Friday, 16 August 2019


I finally got to visit
the Elbphilharmonie in Hamburg.
The spire of Nikolaikirche, a remnant of
the fire-bombing of Hamburg in 1943.

Thursday 23 August 2018


Are there such things as “justly neglected” classics? Austrian pianist Ingrid Marsoner’s programme looked interesting on paper, but on reality came off like a damp squib. She is certainly not a bad pianist, but her selections paled alongside those that came before and after. Anselm Huttebrenner was a good friend of Schubert’s, and his Geisterszenen (Ghost Scenes) was intermittently interesting with its supposedly spectral sound effects, of things that go bump in the night, the sort of things which made Alkan’s music fascinating. 

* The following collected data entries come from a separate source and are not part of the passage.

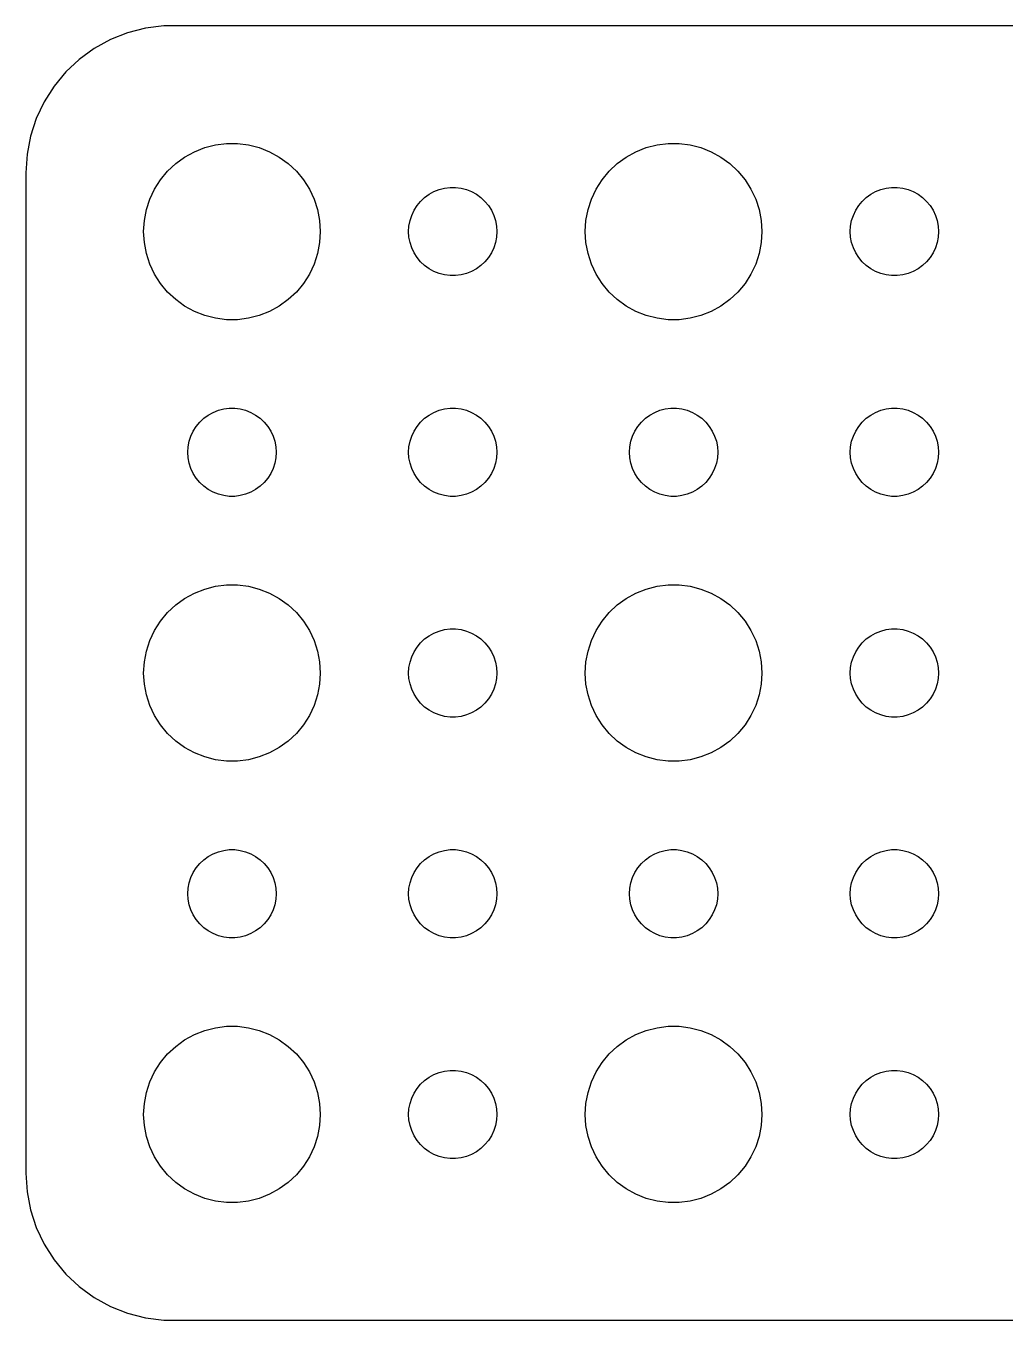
# Model space of a CAD drawing. Header units: metres. Extents: x -37 to 37, y 248 to 508.
# Drawn here: x -37 to -3.74, y 356.01 to 399.99 of the extents above; entities that cross this region are included whole.
import ezdxf

# ---------------------------------------------------------------- set-up
doc = ezdxf.new("R2010")
doc.units = ezdxf.units.M

msp = doc.modelspace()

# ---------------------------------------------------------------- linework, layer by layer
for p, q in [((-32.9369, 399.911), (-33.5451, 399.755)), ((-32.3139, 399.99), (-32.9369, 399.911)), ((32.3139, 399.99), (-32.3139, 399.99)), ((-34.1289, 399.524), (-34.6791, 399.222)), ((-33.5451, 399.755), (-34.1289, 399.524)), ((-34.6791, 399.222), (-35.1871, 398.853)), ((-35.1871, 398.853), (-35.6448, 398.423)), ((-35.6448, 398.423), (-36.0451, 397.939)), ((-36.0451, 397.939), (-36.3815, 397.409)), ((-36.3815, 397.409), (-36.6489, 396.841)), ((-36.6489, 396.841), (-36.8429, 396.243)), ((-36.8429, 396.243), (-36.9606, 395.627)), ((-31.2773, 395.714), (-30.927, 395.853)), ((-30.927, 395.853), (-30.5621, 395.947)), ((-30.5621, 395.947), (-30.1884, 395.994)), ((-30.1884, 395.994), (-29.8116, 395.994)), ((-29.8116, 395.994), (-29.4379, 395.947)), ((-29.4379, 395.947), (-29.0729, 395.853)), ((-29.0729, 395.853), (-28.7227, 395.714)), ((-16.2773, 395.714), (-15.927, 395.853)), ((-15.927, 395.853), (-15.5621, 395.947)), ((-15.5621, 395.947), (-15.1884, 395.994)), ((-15.1884, 395.994), (-14.8116, 395.994)), ((-14.8116, 395.994), (-14.4379, 395.947)), ((-14.4379, 395.947), (-14.0729, 395.853)), ((-14.0729, 395.853), (-13.7227, 395.714)), ((-36.9606, 395.627), (-37, 395)), ((-31.9123, 395.312), (-31.6075, 395.533)), ((-31.6075, 395.533), (-31.2773, 395.714)), ((-28.7227, 395.714), (-28.3925, 395.533)), ((-28.3925, 395.533), (-28.0877, 395.312)), ((-16.9123, 395.312), (-16.6075, 395.533)), ((-16.6075, 395.533), (-16.2773, 395.714)), ((-13.7227, 395.714), (-13.3925, 395.533)), ((-13.3925, 395.533), (-13.0877, 395.312)), ((-37, 395), (-37, 361)), ((-32.427, 394.763), (-32.1869, 395.054)), ((-32.1869, 395.054), (-31.9123, 395.312)), ((-28.0877, 395.312), (-27.8131, 395.054)), ((-27.8131, 395.054), (-27.5729, 394.763)), ((-17.427, 394.763), (-17.1869, 395.054)), ((-17.1869, 395.054), (-16.9123, 395.312)), ((-13.0877, 395.312), (-12.8131, 395.054)), ((-12.8131, 395.054), (-12.5729, 394.763)), ((-32.6289, 394.445), (-32.427, 394.763)), ((-27.5729, 394.763), (-27.3711, 394.445)), ((-17.6289, 394.445), (-17.427, 394.763)), ((-12.5729, 394.763), (-12.3711, 394.445)), ((-32.9057, 393.746), (-32.7893, 394.104)), ((-32.7893, 394.104), (-32.6289, 394.445)), ((-27.3711, 394.445), (-27.2107, 394.104)), ((-27.2107, 394.104), (-27.0942, 393.746)), ((-23.5934, 394.027), (-23.4561, 394.156)), ((-23.4561, 394.156), (-23.3037, 394.266)), ((-23.3037, 394.266), (-23.1387, 394.357)), ((-23.1387, 394.357), (-22.9635, 394.427)), ((-22.9635, 394.427), (-22.7811, 394.473)), ((-22.7811, 394.473), (-22.5942, 394.497)), ((-22.5942, 394.497), (-22.4058, 394.497)), ((-22.4058, 394.497), (-22.2189, 394.473)), ((-22.2189, 394.473), (-22.0365, 394.427)), ((-22.0365, 394.427), (-21.8613, 394.357)), ((-21.8613, 394.357), (-21.6963, 394.266)), ((-21.6963, 394.266), (-21.5439, 394.156)), ((-21.5439, 394.156), (-21.4065, 394.027)), ((-17.9057, 393.746), (-17.7893, 394.104)), ((-17.7893, 394.104), (-17.6289, 394.445)), ((-12.3711, 394.445), (-12.2107, 394.104)), ((-12.2107, 394.104), (-12.0942, 393.746)), ((-8.59344, 394.027), (-8.45613, 394.156)), ((-8.45613, 394.156), (-8.30373, 394.266)), ((-8.30373, 394.266), (-8.13866, 394.357)), ((-8.13866, 394.357), (-7.96352, 394.427)), ((-7.96352, 394.427), (-7.78107, 394.473)), ((-7.78107, 394.473), (-7.59418, 394.497)), ((-7.59418, 394.497), (-7.40581, 394.497)), ((-7.40581, 394.497), (-7.21892, 394.473)), ((-7.21892, 394.473), (-7.03647, 394.427)), ((-7.03647, 394.427), (-6.86133, 394.357)), ((-6.86133, 394.357), (-6.69626, 394.266)), ((-6.69626, 394.266), (-6.54385, 394.156)), ((-6.54385, 394.156), (-6.40654, 394.027)), ((-32.9763, 393.376), (-32.9057, 393.746)), ((-27.0942, 393.746), (-27.0237, 393.376)), ((-23.8947, 393.552), (-23.8145, 393.723)), ((-23.8145, 393.723), (-23.7135, 393.882)), ((-23.7135, 393.882), (-23.5934, 394.027)), ((-21.4065, 394.027), (-21.2865, 393.882)), ((-21.2865, 393.882), (-21.1855, 393.723)), ((-21.1855, 393.723), (-21.1053, 393.552)), ((-17.9763, 393.376), (-17.9057, 393.746)), ((-12.0942, 393.746), (-12.0237, 393.376)), ((-8.89465, 393.552), (-8.81445, 393.723)), ((-8.81445, 393.723), (-8.71352, 393.882)), ((-8.71352, 393.882), (-8.59344, 394.027)), ((-6.40654, 394.027), (-6.28647, 393.882)), ((-6.28647, 393.882), (-6.18553, 393.723)), ((-6.18553, 393.723), (-6.10533, 393.552)), ((-33, 393), (-32.9763, 393.376)), ((-27.0237, 393.376), (-27, 393)), ((-24, 393), (-23.9882, 393.188)), ((-23.9882, 393.188), (-23.9529, 393.373)), ((-23.9529, 393.373), (-23.8947, 393.552)), ((-21.1053, 393.552), (-21.0471, 393.373)), ((-21.0471, 393.373), (-21.0118, 393.188)), ((-21.0118, 393.188), (-21, 393)), ((-18, 393), (-17.9763, 393.376)), ((-12.0237, 393.376), (-12, 393)), ((-9, 393), (-8.98816, 393.188)), ((-8.98816, 393.188), (-8.95287, 393.373)), ((-8.95287, 393.373), (-8.89465, 393.552)), ((-6.10533, 393.552), (-6.04712, 393.373)), ((-6.04712, 393.373), (-6.01183, 393.188)), ((-6.01183, 393.188), (-6, 393)), ((-32.9763, 392.624), (-33, 393)), ((-27, 393), (-27.0237, 392.624)), ((-23.9882, 392.812), (-24, 393)), ((-23.9529, 392.627), (-23.9882, 392.812)), ((-21.0118, 392.812), (-21.0471, 392.627)), ((-21, 393), (-21.0118, 392.812)), ((-17.9763, 392.624), (-18, 393)), ((-12, 393), (-12.0237, 392.624)), ((-8.98816, 392.812), (-9, 393)), ((-8.95287, 392.627), (-8.98816, 392.812)), ((-6.01183, 392.812), (-6.04712, 392.627)), ((-6, 393), (-6.01183, 392.812)), ((-32.9057, 392.254), (-32.9763, 392.624)), ((-27.0237, 392.624), (-27.0942, 392.254)), ((-23.8947, 392.448), (-23.9529, 392.627)), ((-23.8145, 392.277), (-23.8947, 392.448)), ((-21.1053, 392.448), (-21.1855, 392.277)), ((-21.0471, 392.627), (-21.1053, 392.448)), ((-17.9057, 392.254), (-17.9763, 392.624)), ((-12.0237, 392.624), (-12.0942, 392.254)), ((-8.89465, 392.448), (-8.95287, 392.627)), ((-8.81445, 392.277), (-8.89465, 392.448)), ((-6.10533, 392.448), (-6.18553, 392.277)), ((-6.04712, 392.627), (-6.10533, 392.448)), ((-32.7893, 391.896), (-32.9057, 392.254)), ((-32.6289, 391.555), (-32.7893, 391.896)), ((-27.2107, 391.896), (-27.3711, 391.555)), ((-27.0942, 392.254), (-27.2107, 391.896)), ((-23.7135, 392.118), (-23.8145, 392.277)), ((-23.5934, 391.973), (-23.7135, 392.118)), ((-23.4561, 391.844), (-23.5934, 391.973)), ((-21.4065, 391.973), (-21.5439, 391.844)), ((-21.2865, 392.118), (-21.4065, 391.973)), ((-21.1855, 392.277), (-21.2865, 392.118)), ((-17.7893, 391.896), (-17.9057, 392.254)), ((-17.6289, 391.555), (-17.7893, 391.896)), ((-12.2107, 391.896), (-12.3711, 391.555)), ((-12.0942, 392.254), (-12.2107, 391.896)), ((-8.71352, 392.118), (-8.81445, 392.277)), ((-8.59344, 391.973), (-8.71352, 392.118)), ((-8.45613, 391.844), (-8.59344, 391.973)), ((-6.40654, 391.973), (-6.54385, 391.844)), ((-6.28647, 392.118), (-6.40654, 391.973)), ((-6.18553, 392.277), (-6.28647, 392.118)), ((-32.427, 391.237), (-32.6289, 391.555)), ((-27.3711, 391.555), (-27.5729, 391.237)), ((-23.3037, 391.734), (-23.4561, 391.844)), ((-23.1387, 391.643), (-23.3037, 391.734)), ((-22.9635, 391.573), (-23.1387, 391.643)), ((-22.7811, 391.527), (-22.9635, 391.573)), ((-22.5942, 391.503), (-22.7811, 391.527)), ((-22.4058, 391.503), (-22.5942, 391.503)), ((-22.2189, 391.527), (-22.4058, 391.503)), ((-22.0365, 391.573), (-22.2189, 391.527)), ((-21.8613, 391.643), (-22.0365, 391.573)), ((-21.6963, 391.734), (-21.8613, 391.643)), ((-21.5439, 391.844), (-21.6963, 391.734)), ((-17.427, 391.237), (-17.6289, 391.555)), ((-12.3711, 391.555), (-12.5729, 391.237)), ((-8.30373, 391.734), (-8.45613, 391.844)), ((-8.13866, 391.643), (-8.30373, 391.734)), ((-7.96352, 391.573), (-8.13866, 391.643)), ((-7.78107, 391.527), (-7.96352, 391.573)), ((-7.59418, 391.503), (-7.78107, 391.527)), ((-7.40581, 391.503), (-7.59418, 391.503)), ((-7.21892, 391.527), (-7.40581, 391.503)), ((-7.03647, 391.573), (-7.21892, 391.527)), ((-6.86133, 391.643), (-7.03647, 391.573)), ((-6.69626, 391.734), (-6.86133, 391.643)), ((-6.54385, 391.844), (-6.69626, 391.734)), ((-32.1869, 390.946), (-32.427, 391.237)), ((-27.5729, 391.237), (-27.8131, 390.946)), ((-17.1869, 390.946), (-17.427, 391.237)), ((-12.5729, 391.237), (-12.8131, 390.946)), ((-31.9123, 390.688), (-32.1869, 390.946)), ((-31.6075, 390.467), (-31.9123, 390.688)), ((-28.0877, 390.688), (-28.3925, 390.467)), ((-27.8131, 390.946), (-28.0877, 390.688)), ((-16.9123, 390.688), (-17.1869, 390.946)), ((-16.6075, 390.467), (-16.9123, 390.688)), ((-13.0877, 390.688), (-13.3925, 390.467)), ((-12.8131, 390.946), (-13.0877, 390.688)), ((-31.2773, 390.286), (-31.6075, 390.467)), ((-30.927, 390.147), (-31.2773, 390.286)), ((-30.5621, 390.053), (-30.927, 390.147)), ((-29.0729, 390.147), (-29.4379, 390.053)), ((-28.7227, 390.286), (-29.0729, 390.147)), ((-28.3925, 390.467), (-28.7227, 390.286)), ((-16.2773, 390.286), (-16.6075, 390.467)), ((-15.927, 390.147), (-16.2773, 390.286)), ((-15.5621, 390.053), (-15.927, 390.147)), ((-14.0729, 390.147), (-14.4379, 390.053)), ((-13.7227, 390.286), (-14.0729, 390.147)), ((-13.3925, 390.467), (-13.7227, 390.286)), ((-30.1884, 390.006), (-30.5621, 390.053)), ((-29.8116, 390.006), (-30.1884, 390.006)), ((-29.4379, 390.053), (-29.8116, 390.006)), ((-15.1884, 390.006), (-15.5621, 390.053)), ((-14.8116, 390.006), (-15.1884, 390.006)), ((-14.4379, 390.053), (-14.8116, 390.006)), ((-31.0934, 386.527), (-30.9561, 386.656)), ((-30.9561, 386.656), (-30.8037, 386.766)), ((-30.8037, 386.766), (-30.6387, 386.857)), ((-30.6387, 386.857), (-30.4635, 386.927)), ((-30.4635, 386.927), (-30.2811, 386.973)), ((-30.2811, 386.973), (-30.0942, 386.997)), ((-30.0942, 386.997), (-29.9058, 386.997)), ((-29.9058, 386.997), (-29.7189, 386.973)), ((-29.7189, 386.973), (-29.5365, 386.927)), ((-29.5365, 386.927), (-29.3613, 386.857)), ((-29.3613, 386.857), (-29.1963, 386.766)), ((-29.1963, 386.766), (-29.0439, 386.656)), ((-29.0439, 386.656), (-28.9065, 386.527)), ((-23.5934, 386.527), (-23.4561, 386.656)), ((-23.4561, 386.656), (-23.3037, 386.766)), ((-23.3037, 386.766), (-23.1387, 386.857)), ((-23.1387, 386.857), (-22.9635, 386.927)), ((-22.9635, 386.927), (-22.7811, 386.973)), ((-22.7811, 386.973), (-22.5942, 386.997)), ((-22.5942, 386.997), (-22.4058, 386.997)), ((-22.4058, 386.997), (-22.2189, 386.973)), ((-22.2189, 386.973), (-22.0365, 386.927)), ((-22.0365, 386.927), (-21.8613, 386.857)), ((-21.8613, 386.857), (-21.6963, 386.766)), ((-21.6963, 386.766), (-21.5439, 386.656)), ((-21.5439, 386.656), (-21.4065, 386.527)), ((-16.0934, 386.527), (-15.9561, 386.656)), ((-15.9561, 386.656), (-15.8037, 386.766)), ((-15.8037, 386.766), (-15.6387, 386.857)), ((-15.6387, 386.857), (-15.4635, 386.927)), ((-15.4635, 386.927), (-15.2811, 386.973)), ((-15.2811, 386.973), (-15.0942, 386.997)), ((-15.0942, 386.997), (-14.9058, 386.997)), ((-14.9058, 386.997), (-14.7189, 386.973)), ((-14.7189, 386.973), (-14.5365, 386.927)), ((-14.5365, 386.927), (-14.3613, 386.857)), ((-14.3613, 386.857), (-14.1963, 386.766)), ((-14.1963, 386.766), (-14.0439, 386.656)), ((-14.0439, 386.656), (-13.9065, 386.527)), ((-8.59344, 386.527), (-8.45613, 386.656)), ((-8.45613, 386.656), (-8.30373, 386.766)), ((-8.30373, 386.766), (-8.13866, 386.857)), ((-8.13866, 386.857), (-7.96352, 386.927)), ((-7.96352, 386.927), (-7.78107, 386.973)), ((-7.78107, 386.973), (-7.59418, 386.997)), ((-7.59418, 386.997), (-7.40581, 386.997)), ((-7.40581, 386.997), (-7.21892, 386.973)), ((-7.21892, 386.973), (-7.03647, 386.927)), ((-7.03647, 386.927), (-6.86133, 386.857)), ((-6.86133, 386.857), (-6.69626, 386.766)), ((-6.69626, 386.766), (-6.54385, 386.656)), ((-6.54385, 386.656), (-6.40654, 386.527)), ((-31.3947, 386.052), (-31.3145, 386.223)), ((-31.3145, 386.223), (-31.2135, 386.382)), ((-31.2135, 386.382), (-31.0934, 386.527)), ((-28.9065, 386.527), (-28.7865, 386.382)), ((-28.7865, 386.382), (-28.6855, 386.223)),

Hummel’s Rondo-Fantasy is not the same Rondo Favorita that had become quite popular among pianists but something less captivating, while his Fantasy on Mozart’s Non Piu Andrai (from The Marriage of Figaro) was merely a note-spinner, obviously churned out for fiscal rather than artistic reasons.

Rachmaninov’s Etudes-tableaux are hardly rarities. Marsoner played the G minor and E flat minor numbers from Op.33 well but made a complete hash of the elusive D minor etude from Op.39. As for Robert Fuchs’ First Sonata, one listen in a lifetime would be enough. Its thin thematic material, which one is seriously challenged to remember, and an idiom no more advanced than Schubert (long dead by 1877 when it was conceived) made this a lead balloon. On wonders what an 80-year-old Schubert would have thought of that. Marsoner’s encore, thankfully by Schubert, his Klavierstuck in E flat minor (from the late D.946 trilogy), was the best music of the whole evening. And she played it like she knew that as a fact.

A day trip took me to the town of Tonder,
just across the border in Denmark.
The historic water tower is now part of the
Tonder-South Jutland Museum.

Friday 24 August 2018


The Brit Simon Callaghan was one of three Young Explorers in the 2016 festival, and has now “graduated” to play in a main event recital. His programme truly qualifies to rarity status, so rare that a page-turner was required for all three works. Honestly, I have never heard of John Francis Barnett (1837-1916, a Briton) or Jean-Louis Nicode (1853-1919, a Prussian despite his French name) but on account of Callaghan’s excellent and passionate performances, the need to hear their works again borders on fairly urgent.

There was nothing English about Barnett’s Sonata in E minor (published in 1895), except that it may have been heard in some turn-of-the-century English drawing room. Mendelssohn and Schumann-like is closer to the mark, with lots of notes but very pleasant, and almost too gentrified. Its finale was a Saltarello ed Intermezzo, and that is as much a tribute to both Germans as one could get. 

Nicode’s Six Fantasy Pieces Op.6 (1876) are subtitled Andenken an Robert Schumann (Memories of R.S.), and its first piece shouts Kreisleriana at the outset. Their lengths, running to over half an hour, suggests these could be Nouvelles Novelettes. Every Schumannism thought possible is recycled here. Imitation is the sincerest form of flattery. Is this a tribute or mere pastiche? His four encores: three short movements from Nicode’s Ein Liebesleben (A Life of Love) and the first piece from Schumann’s Kinderszenen, naturally.

In between was K.S.Sorabji’s Le jardin parfume (The Perfumed Garden), almost 20 minutes of nocturnal bliss and stupor. It is one of those pieces played pianissimo throughout, meandering, without apparent development and seemingly without end. By not knowing what to expect, impatience will built up, and by the umpteenth time one thinks “Enough!”, it actually concludes. Maybe Sorabji needed to go to the men’s room. A point of note, Kun Woo Paik performed this at the 2005 Singapore International Piano Festival, some 13 years before Husum!